# TASK DETAILS
The result should be all the records, exact and complete, without a single picture.

--- INFORMATION GIVEN ---

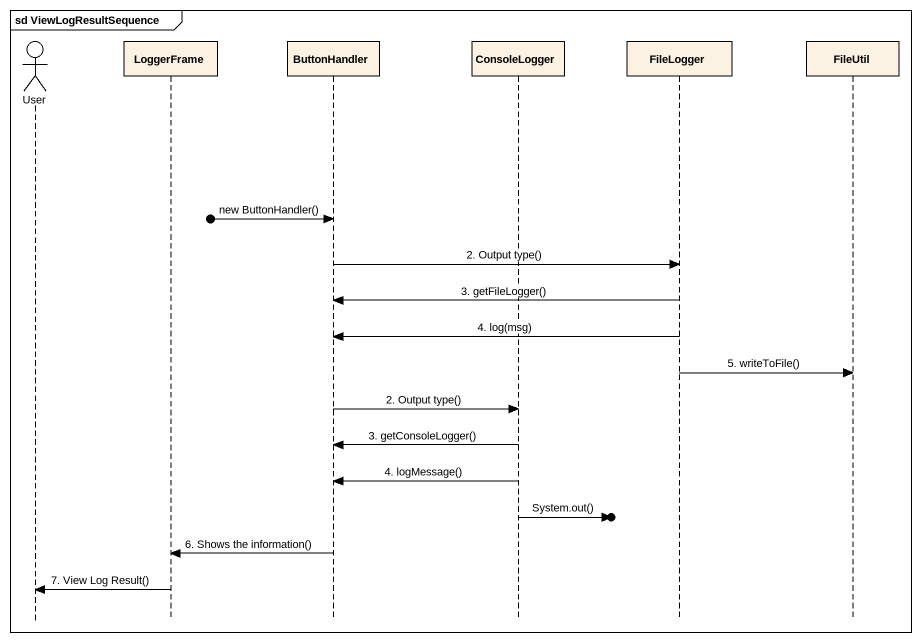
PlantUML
@startuml
mainframe sd ViewLogResultSequence
hide footbox
actor User
participant LoggerFrame
participant ButtonHandler
participant ConsoleLogger
participant FileLogger
participant FileUtil

[o-> ButtonHandler : new ButtonHandler()
ButtonHandler -> FileLogger : 2. Output type()
FileLogger -> ButtonHandler : 3. getFileLogger()
FileLogger -> ButtonHandler : 4. log(msg)
FileLogger -> FileUtil : 5. writeToFile()
ButtonHandler -> ConsoleLogger : 2. Output type()
ConsoleLogger -> ButtonHandler : 3. getConsoleLogger()
ConsoleLogger -> ButtonHandler : 4. logMessage()
ConsoleLogger ->o] : System.out()
ButtonHandler -> LoggerFrame : 6. Shows the information()
LoggerFrame -> User : 7. View Log Result()
@enduml
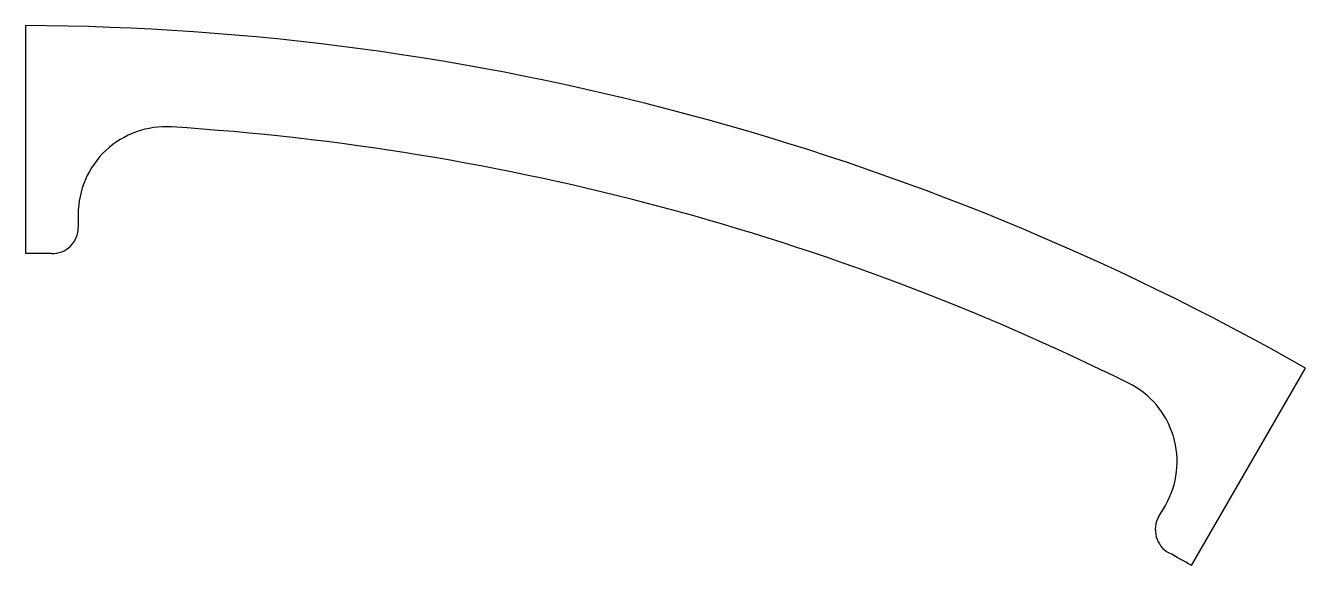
# Model space of a CAD drawing. Header units: millimetres. Extents: x 1 to 147, y 236 to 297.
import ezdxf

# ---------------------------------------------------------------- set-up
doc = ezdxf.new("R2010")
doc.units = ezdxf.units.MM

msp = doc.modelspace()

# ---------------------------------------------------------------- linework, layer by layer
at = {"color": 7, "linetype": 'Continuous', "lineweight": 25}
for p, q in [((1.5, 297.5), (1.5, 271.5)), ((7.5, 275.95), (7.5, 274.46)), ((134.45, 235.87), (147.45, 258.39)), ((130.74, 241.44), (131.48, 242.73))]:
    msp.add_line(p, q, dxfattribs=at)
for centre, radius, start, end in [((0, 0), 297.5, 60.2889, 89.7111), ((17.5, 275.95), 10, 86.3713, 180), ((0, 0), 286.5, 63.6287, 86.3713), ((4.5, 274.46), 3, 269.0607, 0), ((0, 0), 271.5, 89.0607, 89.6834), ((122.82, 247.73), 10, 330, 63.6287), ((133.33, 239.94), 3, 150, 240.9393), ((0, 0), 271.5, 60.3166, 60.9393)]:
    msp.add_arc(centre, radius, start, end, dxfattribs=at)

doc.saveas('drawing.dxf')

---

# RESPONSE BELOW
PlantUML
@startuml
mainframe sd ViewLogResultSequence
hide footbox
actor User
participant LoggerFrame
participant ButtonHandler
participant ConsoleLogger
participant FileLogger
participant FileUtil

[o-> ButtonHandler : new ButtonHandler()
ButtonHandler -> FileLogger : 2. Output type()
FileLogger -> ButtonHandler : 3. getFileLogger()
FileLogger -> ButtonHandler : 4. log(msg)
FileLogger -> FileUtil : 5. writeToFile()
ButtonHandler -> ConsoleLogger : 2. Output type()
ConsoleLogger -> ButtonHandler : 3. getConsoleLogger()
ConsoleLogger -> ButtonHandler : 4. logMessage()
ConsoleLogger ->o] : System.out()
ButtonHandler -> LoggerFrame : 6. Shows the information()
LoggerFrame -> User : 7. View Log Result()
@enduml
# Model space of a CAD drawing. Header units: millimetres. Extents: x 1 to 147, y 236 to 297.
import ezdxf

# ---------------------------------------------------------------- set-up
doc = ezdxf.new("R2010")
doc.units = ezdxf.units.MM

msp = doc.modelspace()

# ---------------------------------------------------------------- linework, layer by layer
at = {"color": 7, "linetype": 'Continuous', "lineweight": 25}
for p, q in [((1.5, 297.5), (1.5, 271.5)), ((7.5, 275.95), (7.5, 274.46)), ((134.45, 235.87), (147.45, 258.39)), ((130.74, 241.44), (131.48, 242.73))]:
    msp.add_line(p, q, dxfattribs=at)
for centre, radius, start, end in [((0, 0), 297.5, 60.2889, 89.7111), ((17.5, 275.95), 10, 86.3713, 180), ((0, 0), 286.5, 63.6287, 86.3713), ((4.5, 274.46), 3, 269.0607, 0), ((0, 0), 271.5, 89.0607, 89.6834), ((122.82, 247.73), 10, 330, 63.6287), ((133.33, 239.94), 3, 150, 240.9393), ((0, 0), 271.5, 60.3166, 60.9393)]:
    msp.add_arc(centre, radius, start, end, dxfattribs=at)

doc.saveas('drawing.dxf')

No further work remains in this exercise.